Records supplied Block Start

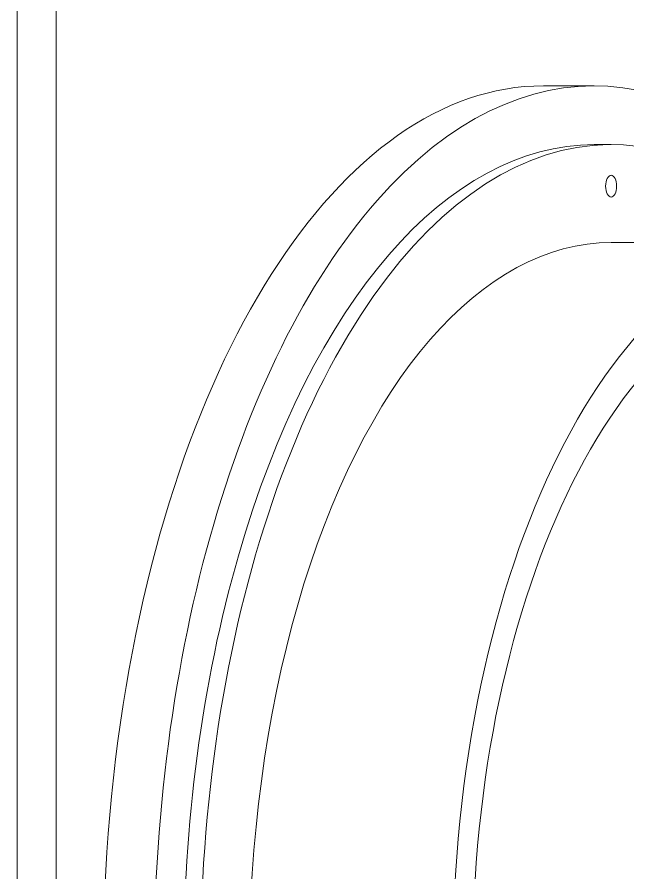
# Model space of a CAD drawing. Header units: inches. Extents: x 17 to 469, y 7 to 301.
# Drawn here: x 255.471 to 257.423, y 103.842 to 106.574 of the extents above; entities that cross this region are included whole.
import ezdxf

# ---------------------------------------------------------------- set-up
doc = ezdxf.new("R2010")
doc.units = ezdxf.units.IN
doc.header["$LTSCALE"] = 14
doc.header["$MEASUREMENT"] = 0
doc.layers.add('Visible (ANSI)', color=7, linetype='Continuous', lineweight=50)

msp = doc.modelspace()

# ---------------------------------------------------------------- linework, layer by layer
at = {"layer": 'Visible (ANSI)', "linetype": 'Continuous', "lineweight": 18}
for p, q in [((255.47134, 100.791868), (255.47134, 108.291868)), ((255.596357, 101.635618), (255.596357, 107.448118)), ((257.152727, 106.354333), (257.315107, 106.354333)), ((257.315107, 106.166833), (257.369234, 106.166833)), ((257.369234, 105.854333), (258.018753, 105.854333))]:
    msp.add_line(p, q, dxfattribs=at)
for centre, major_axis, start_param, end_param in [((257.315107, 103.541833), (0, 2.8125), 5.67192986, 8.94884126), ((257.369234, 103.541833), (0, -2.625), 2.64866739, 6.33361033), ((257.152727, 103.541833), (0, 2.8125), 0, 2.66565596), ((257.315107, 103.541833), (0, -2.625), 3.14159265, 6.28318531), ((257.369234, 103.541833), (0, -2.3125), 3.14159265, 6.28318531)]:
    msp.add_ellipse(centre, major_axis=major_axis, ratio=0.5, start_param=start_param, end_param=end_param, dxfattribs=at)
for centre, major_axis in [((257.369234, 106.034229), (0, -0.035)), ((258.018753, 103.541833), (0, 2.3125)), ((258.018753, 103.541833), (0, 2.186419))]:
    msp.add_ellipse(centre, major_axis=major_axis, ratio=0.5, dxfattribs=at)

doc.saveas('drawing.dxf')

Records supplied Block End

Word for word, repeat the line holding "layer by layer" and all lines after it through the end of the entries above.

• **Exercise output**:
# ---------------------------------------------------------------- linework, layer by layer
at = {"layer": 'Visible (ANSI)', "linetype": 'Continuous', "lineweight": 18}
for p, q in [((255.47134, 100.791868), (255.47134, 108.291868)), ((255.596357, 101.635618), (255.596357, 107.448118)), ((257.152727, 106.354333), (257.315107, 106.354333)), ((257.315107, 106.166833), (257.369234, 106.166833)), ((257.369234, 105.854333), (258.018753, 105.854333))]:
    msp.add_line(p, q, dxfattribs=at)
for centre, major_axis, start_param, end_param in [((257.315107, 103.541833), (0, 2.8125), 5.67192986, 8.94884126), ((257.369234, 103.541833), (0, -2.625), 2.64866739, 6.33361033), ((257.152727, 103.541833), (0, 2.8125), 0, 2.66565596), ((257.315107, 103.541833), (0, -2.625), 3.14159265, 6.28318531), ((257.369234, 103.541833), (0, -2.3125), 3.14159265, 6.28318531)]:
    msp.add_ellipse(centre, major_axis=major_axis, ratio=0.5, start_param=start_param, end_param=end_param, dxfattribs=at)
for centre, major_axis in [((257.369234, 106.034229), (0, -0.035)), ((258.018753, 103.541833), (0, 2.3125)), ((258.018753, 103.541833), (0, 2.186419))]:
    msp.add_ellipse(centre, major_axis=major_axis, ratio=0.5, dxfattribs=at)

doc.saveas('drawing.dxf')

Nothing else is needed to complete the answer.